The amount of energy needed to stay balanced is often quite high. If a robot is falling, that’s a very fast, hard acceleration to get the leg in front in time. Your system has to inject a lot of energy into the world—and that’s what’s unsafe.
I’m a huge fan of centaur robots—a mobile wheelbase with arms and a head. For safety, that’s a much easier way to get there quickly. If a humanoid loses power, it’s going to fall down. The general plan seems like it’s to make a robot so incredibly valuable that we as a society create a new safety class for it—like bicycles and cars. They’re dangerous but so valuable that we tolerate the risk.
Have these results changed your timeline?
I used to think home robots were at least 15 years away. Now I think at least six. The difference is that I thought it would be much longer before doing a useful thing in a human space, even as a demo, would be plausible.
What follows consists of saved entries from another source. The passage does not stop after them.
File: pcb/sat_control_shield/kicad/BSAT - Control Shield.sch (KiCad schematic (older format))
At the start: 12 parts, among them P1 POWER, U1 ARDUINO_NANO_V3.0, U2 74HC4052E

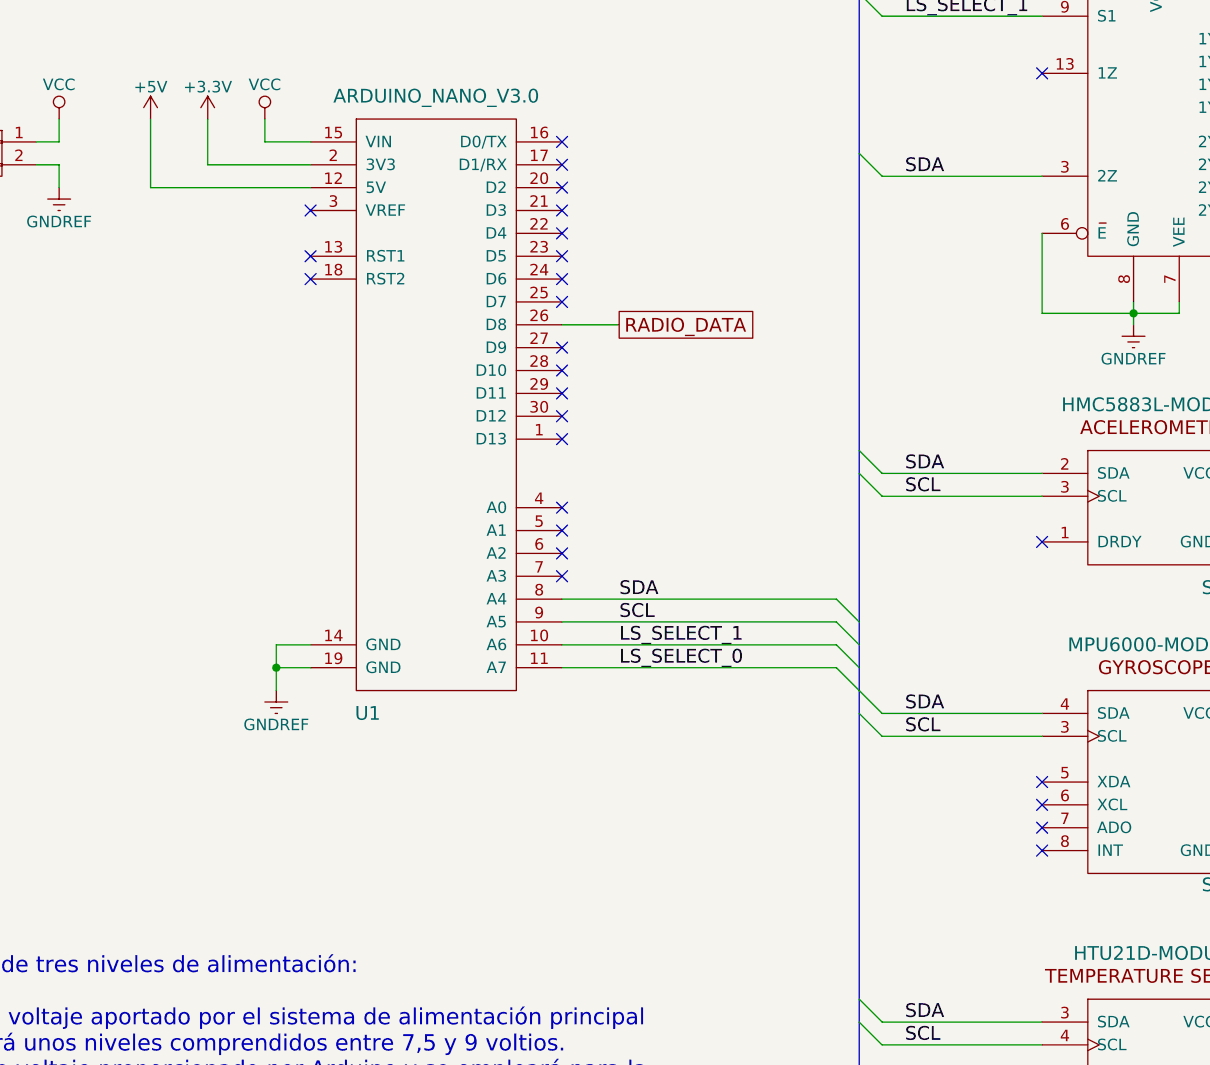
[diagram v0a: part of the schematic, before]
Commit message: refactor(control-shield): Rediseño de la placa y corrección de error en la conmutación entre sensores de intensidad luminosa.
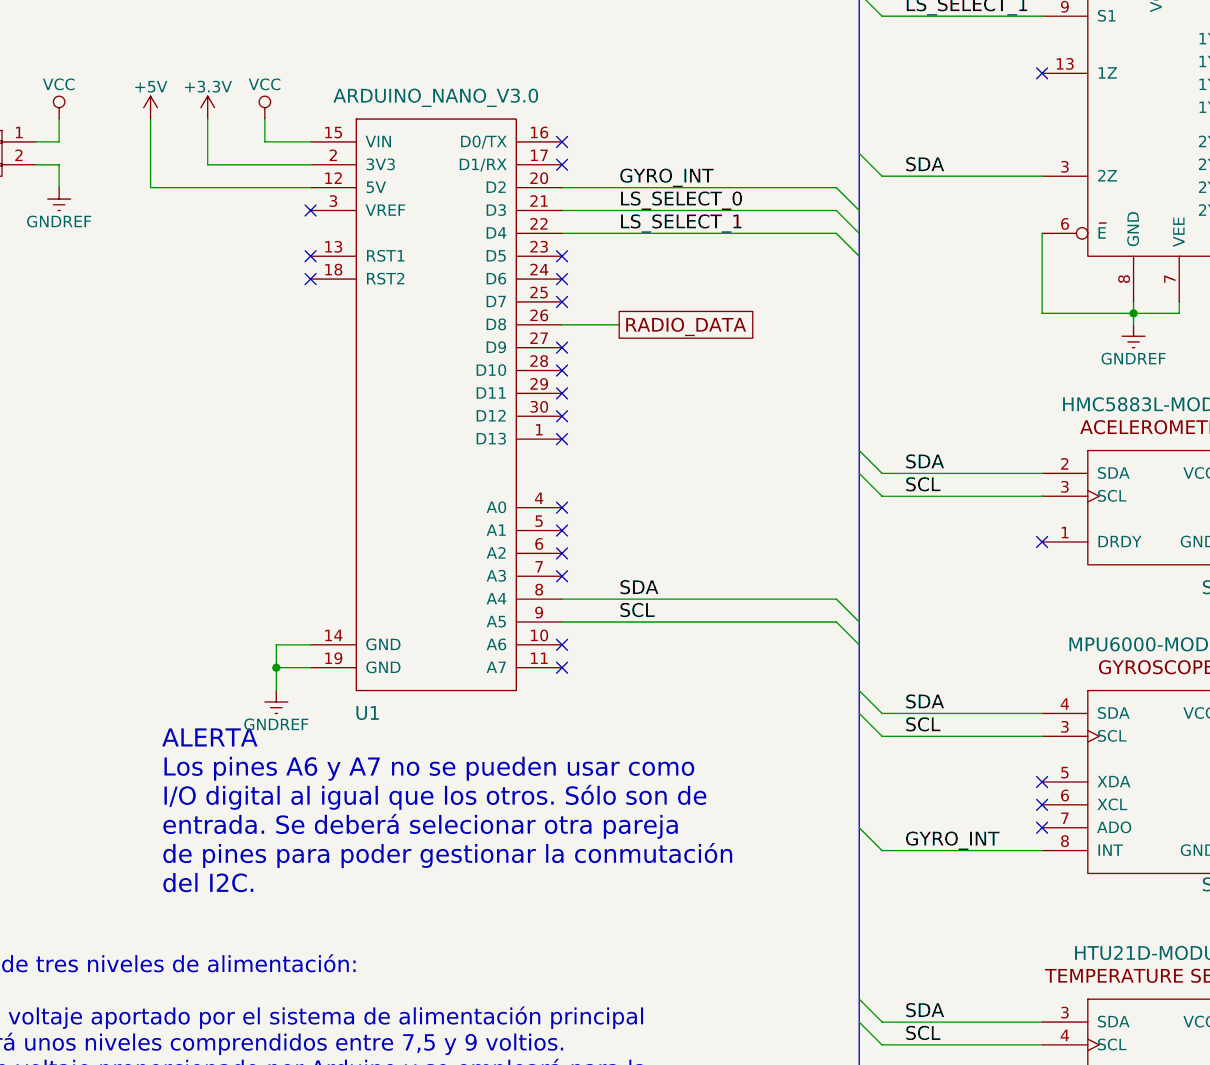
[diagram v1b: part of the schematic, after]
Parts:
- ANT1: footprint Pin_Headers:Pin_Header_Angled_1x01 -> Pin_Headers:Pin_Header_Angled_1x01_Pitch2.54mm
- P1: footprint Pin_Headers:Pin_Header_Straight_1x02 -> Pin_Headers:Pin_Header_Straight_1x02_Pitch2.54mm
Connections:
- net LS_SELECT_0: now also U1.21 (D3); no longer U1.11 (A7)
- net LS_SELECT_1: now also U1.22 (D4); no longer U1.10 (A6)
- net GYRO_INT: now reaches U1.20 (D2)
- net GYRO_INT: now also S2.8 (INT)
- no-connect marks 30 -> 28
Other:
- note added: "ALERTA\nLos pines A6 y A7 no se pueden usar como \nI/O digital al igual que los otros. Sólo son de \nentrada. Se deberá selecionar otra pareja \nde pines para poder gestionar la conmutación \ndel I2C."
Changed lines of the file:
@@
 F 0 "ANT1" H 8600 4850 60  0000 R CNN
 F 1 "ANTENNA-1" H 8600 4950 60  0000 R CNN
-F 2 "Pin_Headers:Pin_Header_Angled_1x01" H 8650 5000 60  0001 C CNN
+F 2 "Pin_Headers:Pin_Header_Angled_1x01_Pitch2.54mm" H 8650 5000 60  0001 C CNN
 F 3 "" H 8650 5000 60  0000 C CNN
 	1    8650 5000
@@
 F 0 "P1" H 1600 2300 50  0000 C CNN
 F 1 "POWER" V 1700 2150 50  0000 C CNN
-F 2 "Pin_Headers:Pin_Header_Straight_1x02" H 1600 2150 50  0001 C CNN
+F 2 "Pin_Headers:Pin_Header_Straight_1x02_Pitch2.54mm" H 1600 2150 50  0001 C CNN
 F 3 "" H 1600 2150 50  0000 C CNN
 	1    1600 2150
@@
 NoConn ~ 6200 5000
 NoConn ~ 6200 5100
-NoConn ~ 6200 5200
 $Comp
 L GNDREF #PWR017
@@
 Entry Wire Line
 	5300 4200 5400 4300
-Text Label 4350 4400 0    60   ~ 0
+Text Label 4350 2400 0    60   ~ 0
 LS_SELECT_0
-Text Label 4350 4300 0    60   ~ 0
+Text Label 4350 2500 0    60   ~ 0
 LS_SELECT_1
 Text Label 5600 1550 0    60   ~ 0
@@
 NoConn ~ 4100 2700
 NoConn ~ 4100 2600
-NoConn ~ 4100 2500
 NoConn ~ 4100 2200
 NoConn ~ 4100 2100
 NoConn ~ 4100 3200
 NoConn ~ 4100 3300
-NoConn ~ 4100 2300
-NoConn ~ 4100 2400
 Wire Wire Line
 	2800 2000 2800 2100
@@
 	5400 700  8100 700
 Entry Wire Line
-	5300 4300 5400 4400
-Entry Wire Line
-	5300 4400 5400 4500
-Wire Wire Line
-	5300 4300 4100 4300
-Wire Wire Line
-	5300 4400 4100 4400
+	5300 2400 5400 2500
+Entry Wire Line
+	5300 2500 5400 2600
+Wire Wire Line
+	5300 2400 4100 2400
+Wire Wire Line
+	5300 2500 4100 2500
 NoConn ~ 4100 3900
 NoConn ~ 4100 4000
@@
 63 88 21 86 6D 23 46 24 31 C4 10 C3 B6 11 23 92 18 62 88 61 DB 88 11 49 0C 31 C4 B0 6D C4 88 24
 86 18 62 D8 36 62 44 12 43 0C 31 6C 1B 31 22 89 21 86 18 B6 8D 18 91 C4 10 43 0C DB 46 8C 48 62
-88 21 86 6D E3 FF 07 DC F5 6D 6C 7D E1 AE A5 00 00 00 00 49 45 4E 44 AE 42 60 82 00
+88 21 86 6D E3 FF 07 DC F5 6D 6C 7D E1 AE A5 00 00 00 00 49 45 4E 44 AE 42 60 82
 EndData
 $EndBitmap
@@
 Text Label 5600 6050 0    60   ~ 0
 SCL
+Entry Wire Line
+	5400 5100 5500 5200
+Wire Wire Line
+	5500 5200 6200 5200
+Text Label 5600 5200 0    60   ~ 0
+GYRO_INT
+Entry Wire Line
+	5300 2300 5400 2400
+Wire Wire Line
+	4100 2300 5300 2300
+Text Label 4350 2300 0    60   ~ 0
+GYRO_INT
+Text Notes 2350 5400 0    79   ~ 0
+ALERTA\nLos pines A6 y A7 no se pueden usar como \nI/O digital al igual que los otros. Sólo son de \nentrada. Se deberá selecionar otra pareja \nde pines para poder gestionar la conmutación \ndel I2C.
+NoConn ~ 4100 4300
+NoConn ~ 4100 4400
 $EndSCHEMATC

But roboticists have seen time and again that there’s a long road between “it worked in a lab, and I got a video” and “I can sell a product.” Waymo was driving on roads in 2009; I couldn’t buy a ride until 2024. It takes a long time to get reliability squared away.
What’s the biggest bottleneck left?
Reliability and safety. The stuff Physical Intelligence shows is incredibly impressive, but if you put it on a different table with different lighting and use a different sock, it might not work. Each step toward generalization seems to take an order of magnitude more data, turning days of data collection into weeks or months.